Start of Block

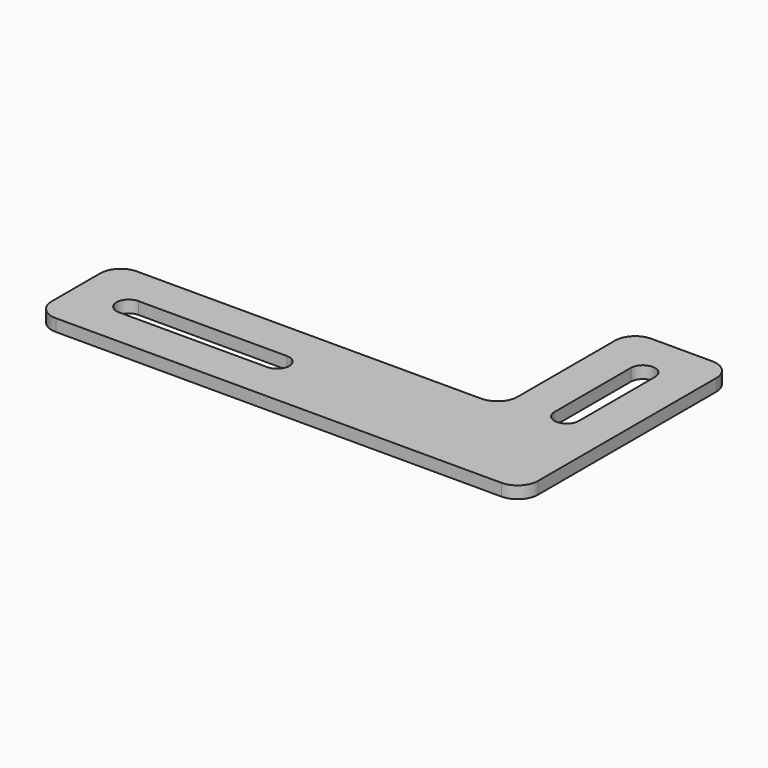
from build123d import *

# Parameters (mm, degrees)
F0_W     = 25
F0_H     = 40
F1_DEPTH = 3
F2_R     = 5


with BuildPart() as f1:
    # F0 (on Top) → F1 (new body)
    with BuildSketch(Plane.XY):
        Polygon((56.1464983402, 0), (-38.8535016598, 0), (-38.8535016598, -25), (81.1464983402, -25), (81.1464983402, 0), align=None)
        with BuildLine():
            ThreePointArc((-25.8535016598, -15.5), (-28.8535016598, -12.5), (-25.8535016598, -9.5))
            Line((-25.8535016598, -9.5), (10.752664879, -9.5))
            ThreePointArc((10.752664879, -9.5), (12.8739852225, -10.3786796564), (13.752664879, -12.5))
            ThreePointArc((13.752664879, -12.5), (12.8739852225, -14.6213203436), (10.752664879, -15.5))
            Line((10.752664879, -15.5), (-25.8535016598, -15.5))
        make_face(mode=Mode.SUBTRACT)
        with Locations((68.6464983402, 20)):
            Rectangle(F0_W, F0_H)
        with BuildLine():
            ThreePointArc((65.6464983402, 28), (68.6464983402, 31), (71.6464983402, 28))
            Line((71.6464983402, 28), (71.6464983402, 4.4783727005))
            ThreePointArc((71.6464983402, 4.4783727005), (68.6464983402, 1.4783727005), (65.6464983402, 4.4783727005))
            Line((65.6464983402, 4.4783727005), (65.6464983402, 28))
        make_face(mode=Mode.SUBTRACT)
    extrude(amount=F1_DEPTH)

    # F2
    f2_edges = [f1.edges().sort_by_distance(p)[0] for p in [
        (-38.853502, -25, 1.5),
        (81.146498, -25, 1.5),
        (-38.853502, 0, 1.5),
        (81.146498, 40, 1.5),
        (56.146498, 40, 1.5),
        (56.146498, 0, 1.5),
    ]]
    fillet(f2_edges, radius=F2_R)


solid = f1.part
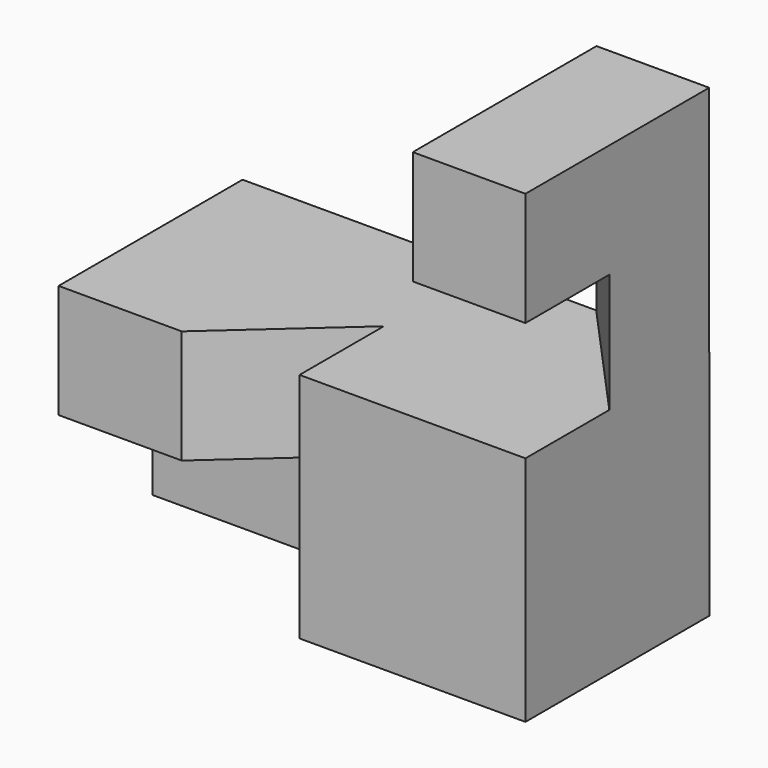
from build123d import *

# Parameters (mm, degrees)
F0_W      = 31.61
F0_H      = 15.57
F1_DEPTH  = 15.71
F2_W      = 7.63
F2_H      = 15.77
F3_DEPTH  = 15.55
F5_DEPTH  = 7.97
F7_DEPTH  = 25
F8_W      = 7.1303485631
F8_H      = 8.063195222
F9_DEPTH  = 25
F10_SIZE2 = 7.6
F10_SIZE  = 8.4


with BuildPart() as f1:
    # F0 (on Top) → F1 (new body)
    with BuildSketch(Plane.XY):
        with Locations((-0.5104932934, 0.6546514369)):
            Rectangle(F0_W, F0_H)
    extrude(amount=F1_DEPTH)

    # F2 (on face) → F3 (join)
    with BuildSketch(Plane.XZ.offset(7.1303485631)):
        with Locations((11.4795067066, 23.595)):
            Rectangle(F2_W, F2_H)
    extrude(amount=-F3_DEPTH)

    # F4 (on face) → F5 (cut)
    with BuildSketch(Plane.XZ.offset(7.1303485631)):
        Polygon((-0.4054932934, 0), (-0.4054932934, 8.01), (-8.0654932934, 8.01), (-16.3154932934, 8.01), (-16.3154932934, 0), align=None)
    extrude(amount=-F5_DEPTH, mode=Mode.SUBTRACT)

    # F6 (on face) → F7 (cut)
    with BuildSketch(Plane.XY.offset(15.71)):
        Polygon((0, 0), (-7.9760523513, -7.1303485631), (0, -7.1303485631), align=None)
    extrude(amount=-F7_DEPTH, mode=Mode.SUBTRACT)

    # F8 (on face) → F9 (cut)
    with BuildSketch(Plane.YZ.offset(15.2945067066)):
        with Locations((-3.5651742816, 19.741597611)):
            Rectangle(F8_W, F8_H)
    extrude(amount=-F9_DEPTH, mode=Mode.SUBTRACT)

    # F10
    f10_edges = [f1.edges().sort_by_distance(p)[0] for p in [
        (7.664507, 0, 19.741598),
    ]]
    f10_side = f1.faces().sort_by_distance((7.664507, 1.933934, 24.775126))[0]
    chamfer(f10_edges, length=F10_SIZE, length2=F10_SIZE2, reference=f10_side)


solid = f1.part
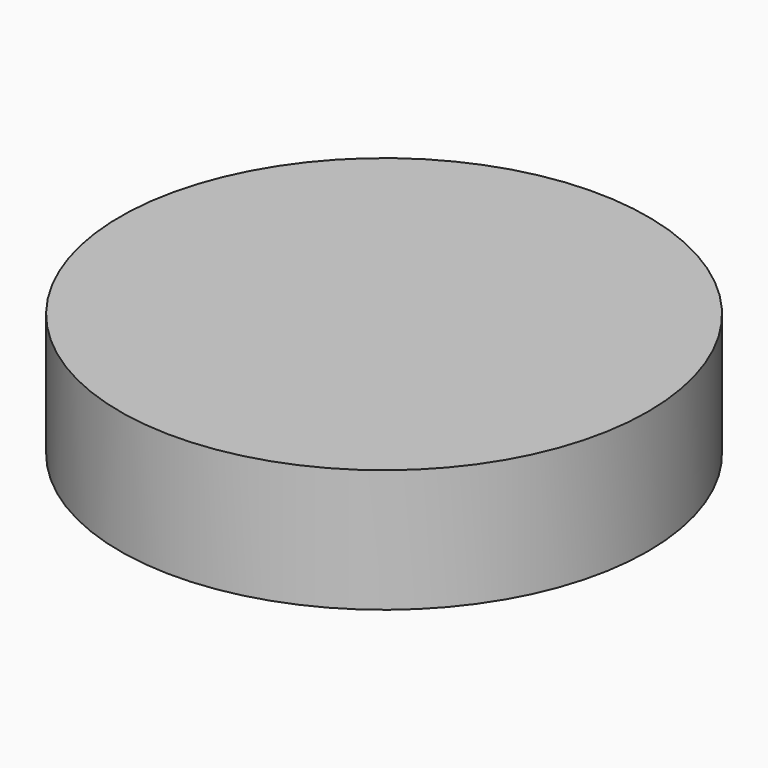
from build123d import *

# Parameters (mm, degrees)
F0_R     = 53.6968168664
F3_DEPTH = 25


# Not quite as in the source:
# - the program builds the solid bodies; features that only make, move or delete a surface that nothing else refers to are left out


with BuildPart() as f3:
    # F0 (on Top) → F3 (new body)
    with BuildSketch(Plane.XY):
        Circle(F0_R)
    extrude(amount=F3_DEPTH)


solid = f3.part
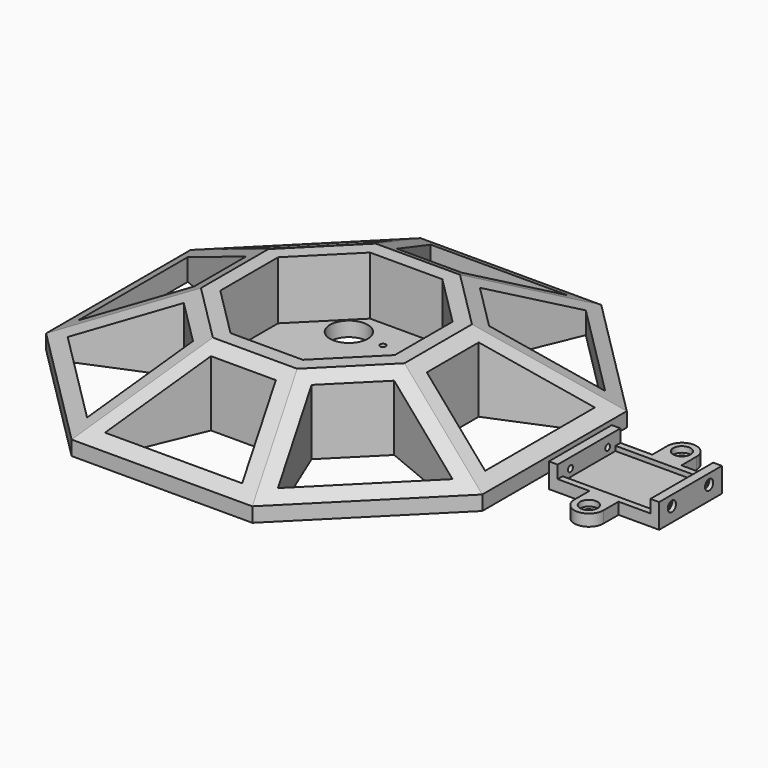
from build123d import *

# Parameters (mm, degrees)
F2_DEPTH  = 25
F3_SIZE2  = 40
F3_SIZE   = 20
F5_DEPTH  = 20
F6_R      = 1
F7_DEPTH  = 25
F9_DEPTH  = 25
F6_R_2    = 1.75
F10_DEPTH = 1.4
F11_W     = 3
F11_H     = 27
F12_DEPTH = 4
F13_DEPTH = 8.4
F14_W     = 31.9
F14_H     = 22.7
F15_DEPTH = 1.6
F16_R     = 1.05
F17_DEPTH = 5
F16_R_2   = 1.775
F18_DEPTH = 1.4
F19_R     = 1.05
F20_DEPTH = 4
F19_R_2   = 1.775
F21_DEPTH = 1.4
F22_R     = 1.5
F23_DEPTH = 25
F22_R_2   = 3
F24_DEPTH = 2
F25_R     = 1
F26_DEPTH = 25
F27_R     = 6.5
F28_DEPTH = 25


# Not quite as in the source:
# - a feature names something its author has since deleted; it is built from what else it names


with BuildPart() as f2:
    # F1 (on offset) → F2 (new body)
    with BuildSketch(Plane.XY):
        Polygon((75, -31.066017178), (75, 31.066017178), (31.066017178, 75), (-31.066017178, 75), (-75, 31.066017178), (-75, -31.066017178), (-31.066017178, -75), (31.066017178, -75), align=None)
    extrude(amount=F2_DEPTH)

    # F3
    f3_edges = [f2.edges().sort_by_distance(p)[0] for p in [
        (-75, 0, 25),
        (75, 0, 25),
        (53.033009, 53.033009, 25),
        (0, 75, 25),
        (-53.033009, 53.033009, 25),
        (-53.033009, -53.033009, 25),
        (0, -75, 25),
        (53.033009, -53.033009, 25),
    ]]
    chamfer(f3_edges, length=F3_SIZE, length2=F3_SIZE2)

    # F4 (on face) → F5 (cut)
    with BuildSketch(Plane.XY.offset(25)):
        Polygon((-30, -12.4264068712), (-12.4264068712, -30), (12.4264068712, -30), (30, -12.4264068712), (30, 12.4264068712), (12.4264068712, 30), (-12.4264068712, 30), (-30, 12.4264068712), align=None)
    extrude(amount=-F5_DEPTH, mode=Mode.SUBTRACT)

    # F6 (on face) → F7 (cut)
    with BuildSketch(Plane.XY.offset(5)):
        with Locations((8, 0)):
            Circle(F6_R)
        with Locations((0, 8)):
            Circle(F6_R)
        with Locations((-8, 0)):
            Circle(F6_R)
        with Locations((0, -8)):
            Circle(F6_R)
    extrude(amount=-F7_DEPTH, mode=Mode.SUBTRACT)

    # F8 (on face) → F9 (cut)
    with BuildSketch(Plane(origin=(0, 0, 0), x_dir=(1, 0, 0), z_dir=(0, 0, -1))):
        Polygon((-66.1731656763, 32.8217836898), (-36.1731656763, 20.3953768186), (-20.3953768186, 36.1731656763), (-32.8217836898, 66.1731656763), align=None)
        Polygon((-11.1565814935, 40), (11.1565814935, 40), (23.5829883647, 70), (-23.5829883647, 70), align=None)
        Polygon((32.8217836898, 66.1731656763), (20.3953768186, 36.1731656763), (36.1731656763, 20.3953768186), (66.1731656763, 32.8217836898), align=None)
        Polygon((70, -23.5829883647), (70, 23.5829883647), (40, 11.1565814935), (40, -11.1565814935), align=None)
        Polygon((32.8217836898, -66.1731656763), (66.1731656763, -32.8217836898), (36.1731656763, -20.3953768186), (20.3953768186, -36.1731656763), align=None)
        Polygon((-23.5829883647, -70), (23.5829883647, -70), (11.1565814935, -40), (-11.1565814935, -40), align=None)
        Polygon((-66.1731656763, -32.8217836898), (-32.8217836898, -66.1731656763), (-20.3953768186, -36.1731656763), (-36.1731656763, -20.3953768186), align=None)
        Polygon((-70, -23.5829883647), (-40, -11.1565814935), (-40, 11.1565814935), (-70, 23.5829883647), align=None)
    extrude(amount=-F9_DEPTH, mode=Mode.SUBTRACT)

    # F6 (on face) → F10 (cut)
    with BuildSketch(Plane.XY.offset(5)):
        with Locations((-8, 0)):
            Circle(F6_R_2)
        with Locations((-8, 0)):
            Circle(F6_R, mode=Mode.SUBTRACT)
        with Locations((0, 8)):
            Circle(F6_R_2)
        with Locations((0, 8)):
            Circle(F6_R, mode=Mode.SUBTRACT)
        with Locations((8, 0)):
            Circle(F6_R_2)
        with Locations((8, 0)):
            Circle(F6_R, mode=Mode.SUBTRACT)
        with Locations((0, -8)):
            Circle(F6_R_2)
        with Locations((0, -8)):
            Circle(F6_R, mode=Mode.SUBTRACT)
    extrude(amount=-F10_DEPTH, mode=Mode.SUBTRACT)

    # F25 (on face) → F26 (cut)
    with BuildSketch(Plane.XY.offset(5)):
        with Locations((0, 20)):
            Circle(F25_R)
        with Locations((0, -20)):
            Circle(F25_R)
    extrude(amount=-F26_DEPTH, mode=Mode.SUBTRACT)

    # F27 (on face) → F28 (cut)
    with BuildSketch(Plane.XY.offset(5)):
        with Locations((-12.0903318748, 20.4435605556)):
            Circle(F27_R)
    extrude(amount=-F28_DEPTH, mode=Mode.SUBTRACT)


with BuildPart() as f12:
    # F11 (on offset) → F12 (new body)
    with BuildSketch(Plane.XY):
        with Locations((82.5181498528, 3.5604816154)):
            Rectangle(F11_W, F11_H)
        Polygon((94.9681498528, 17.0604816154), (84.0181498528, 17.0604816154), (84.0181498528, -9.9395183846), (94.9681498528, -9.9395183846), (104.9681498528, -9.9395183846), (115.9181498528, -9.9395183846), (115.9181498528, 17.0604816154), (104.9681498528, 17.0604816154), align=None)
        with BuildLine():
            Line((94.9681498528, 23.5604816154), (94.9681498528, 17.0604816154))
            Line((94.9681498528, 17.0604816154), (104.9681498528, 17.0604816154))
            Line((104.9681498528, 17.0604816154), (104.9681498528, 23.5604816154))
            ThreePointArc((104.9681498528, 23.5604816154), (99.9681498528, 28.5604816154), (94.9681498528, 23.5604816154))
        make_face()
        with BuildLine():
            Line((104.9681498528, -9.9395183846), (94.9681498528, -9.9395183846))
            Line((94.9681498528, -9.9395183846), (94.9681498528, -16.4395183846))
            ThreePointArc((94.9681498528, -16.4395183846), (99.9681498528, -21.4395183846), (104.9681498528, -16.4395183846))
            Line((104.9681498528, -16.4395183846), (104.9681498528, -9.9395183846))
        make_face()
        with Locations((117.4181498528, 3.5604816154)):
            Rectangle(F11_W, F11_H)
    extrude(amount=F12_DEPTH)

    # F11 (on offset) → F13 (join)
    with BuildSketch(Plane.XY):
        with Locations((82.5181498528, 3.5604816154)):
            Rectangle(F11_W, F11_H)
        with Locations((117.4181498528, 3.5604816154)):
            Rectangle(F11_W, F11_H)
    extrude(amount=F13_DEPTH)

    # F14 (on face) → F15 (cut)
    with BuildSketch(Plane.XY.offset(4)):
        with Locations((99.9681498528, 3.5604816154)):
            Rectangle(F14_W, F14_H)
    extrude(amount=-F15_DEPTH, mode=Mode.SUBTRACT)

    # F16 (on face) → F17 (cut)
    with BuildSketch(Plane.YZ.offset(118.9181498528)):
        with Locations((11.5604816154, 4.9)):
            Circle(F16_R)
        with Locations((-4.4395183846, 4.9)):
            Circle(F16_R)
    extrude(amount=-F17_DEPTH, mode=Mode.SUBTRACT)

    # F16 (on face) → F18 (cut)
    with BuildSketch(Plane.YZ.offset(118.9181498528)):
        with Locations((-4.4395183846, 4.9)):
            Circle(F16_R_2)
        with Locations((-4.4395183846, 4.9)):
            Circle(F16_R, mode=Mode.SUBTRACT)
        with Locations((11.5604816154, 4.9)):
            Circle(F16_R_2)
        with Locations((11.5604816154, 4.9)):
            Circle(F16_R, mode=Mode.SUBTRACT)
    extrude(amount=-F18_DEPTH, mode=Mode.SUBTRACT)

    # F19 (on face) → F20 (cut)
    with BuildSketch(Plane(origin=(81.0181498528, 0, 0), x_dir=(0, -1, 0), z_dir=(-1, 0, 0))):
        with Locations((4.4243399079, 4.9480630373)):
            Circle(F19_R)
        with Locations((-11.5753707892, 4.8518465555)):
            Circle(F19_R)
    extrude(amount=-F20_DEPTH, mode=Mode.SUBTRACT)

    # F19 (on face) → F21 (cut)
    with BuildSketch(Plane(origin=(81.0181498528, 0, 0), x_dir=(0, -1, 0), z_dir=(-1, 0, 0))):
        with Locations((-11.5753707892, 4.8518465555)):
            Circle(F19_R_2)
        with Locations((-11.5753707892, 4.8518465555)):
            Circle(F19_R, mode=Mode.SUBTRACT)
        with Locations((4.4243399079, 4.9480630373)):
            Circle(F19_R_2)
        with Locations((4.4243399079, 4.9480630373)):
            Circle(F19_R, mode=Mode.SUBTRACT)
    extrude(amount=-F21_DEPTH, mode=Mode.SUBTRACT)

    # F22 (on face) → F23 (cut)
    with BuildSketch(Plane.XY.offset(4)):
        with Locations((99.9681498528, 23.5604816154)):
            Circle(F22_R)
        with Locations((99.9681498528, -16.4395183846)):
            Circle(F22_R)
    extrude(amount=-F23_DEPTH, mode=Mode.SUBTRACT)

    # F22 (on face) → F24 (cut)
    with BuildSketch(Plane.XY.offset(4)):
        with Locations((99.9681498528, -16.4395183846)):
            Circle(F22_R_2)
        with Locations((99.9681498528, -16.4395183846)):
            Circle(F22_R, mode=Mode.SUBTRACT)
        with Locations((99.9681498528, 23.5604816154)):
            Circle(F22_R_2)
        with Locations((99.9681498528, 23.5604816154)):
            Circle(F22_R, mode=Mode.SUBTRACT)
    extrude(amount=-F24_DEPTH, mode=Mode.SUBTRACT)


solid = Compound([f2.part, f12.part])

End of Block

Leave the pictures out and output exactly the lines above, from the start of the listing through the line with "# F2 (on face) → F3 (join)".

from build123d import *

# Parameters (mm, degrees)
F0_W     = 25
F0_H     = 40
F1_DEPTH = 3
F2_R     = 5


with BuildPart() as f1:
    # F0 (on Top) → F1 (new body)
    with BuildSketch(Plane.XY):
        Polygon((56.1464983402, 0), (-38.8535016598, 0), (-38.8535016598, -25), (81.1464983402, -25), (81.1464983402, 0), align=None)
        with BuildLine():
            ThreePointArc((-25.8535016598, -15.5), (-28.8535016598, -12.5), (-25.8535016598, -9.5))
            Line((-25.8535016598, -9.5), (10.752664879, -9.5))
            ThreePointArc((10.752664879, -9.5), (12.8739852225, -10.3786796564), (13.752664879, -12.5))
            ThreePointArc((13.752664879, -12.5), (12.8739852225, -14.6213203436), (10.752664879, -15.5))
            Line((10.752664879, -15.5), (-25.8535016598, -15.5))
        make_face(mode=Mode.SUBTRACT)
        with Locations((68.6464983402, 20)):
            Rectangle(F0_W, F0_H)
        with BuildLine():
            ThreePointArc((65.6464983402, 28), (68.6464983402, 31), (71.6464983402, 28))
            Line((71.6464983402, 28), (71.6464983402, 4.4783727005))
            ThreePointArc((71.6464983402, 4.4783727005), (68.6464983402, 1.4783727005), (65.6464983402, 4.4783727005))
            Line((65.6464983402, 4.4783727005), (65.6464983402, 28))
        make_face(mode=Mode.SUBTRACT)
    extrude(amount=F1_DEPTH)

    # F2
    f2_edges = [f1.edges().sort_by_distance(p)[0] for p in [
        (-38.853502, -25, 1.5),
        (81.146498, -25, 1.5),
        (-38.853502, 0, 1.5),
        (81.146498, 40, 1.5),
        (56.146498, 40, 1.5),
        (56.146498, 0, 1.5),
    ]]
    fillet(f2_edges, radius=F2_R)


solid = f1.part
from build123d import *

# Parameters (mm, degrees)
F0_W      = 31.61
F0_H      = 15.57
F1_DEPTH  = 15.71
F2_W      = 7.63
F2_H      = 15.77
F3_DEPTH  = 15.55
F5_DEPTH  = 7.97
F7_DEPTH  = 25
F8_W      = 7.1303485631
F8_H      = 8.063195222
F9_DEPTH  = 25
F10_SIZE2 = 7.6
F10_SIZE  = 8.4


with BuildPart() as f1:
    # F0 (on Top) → F1 (new body)
    with BuildSketch(Plane.XY):
        with Locations((-0.5104932934, 0.6546514369)):
            Rectangle(F0_W, F0_H)
    extrude(amount=F1_DEPTH)

    # F2 (on face) → F3 (join)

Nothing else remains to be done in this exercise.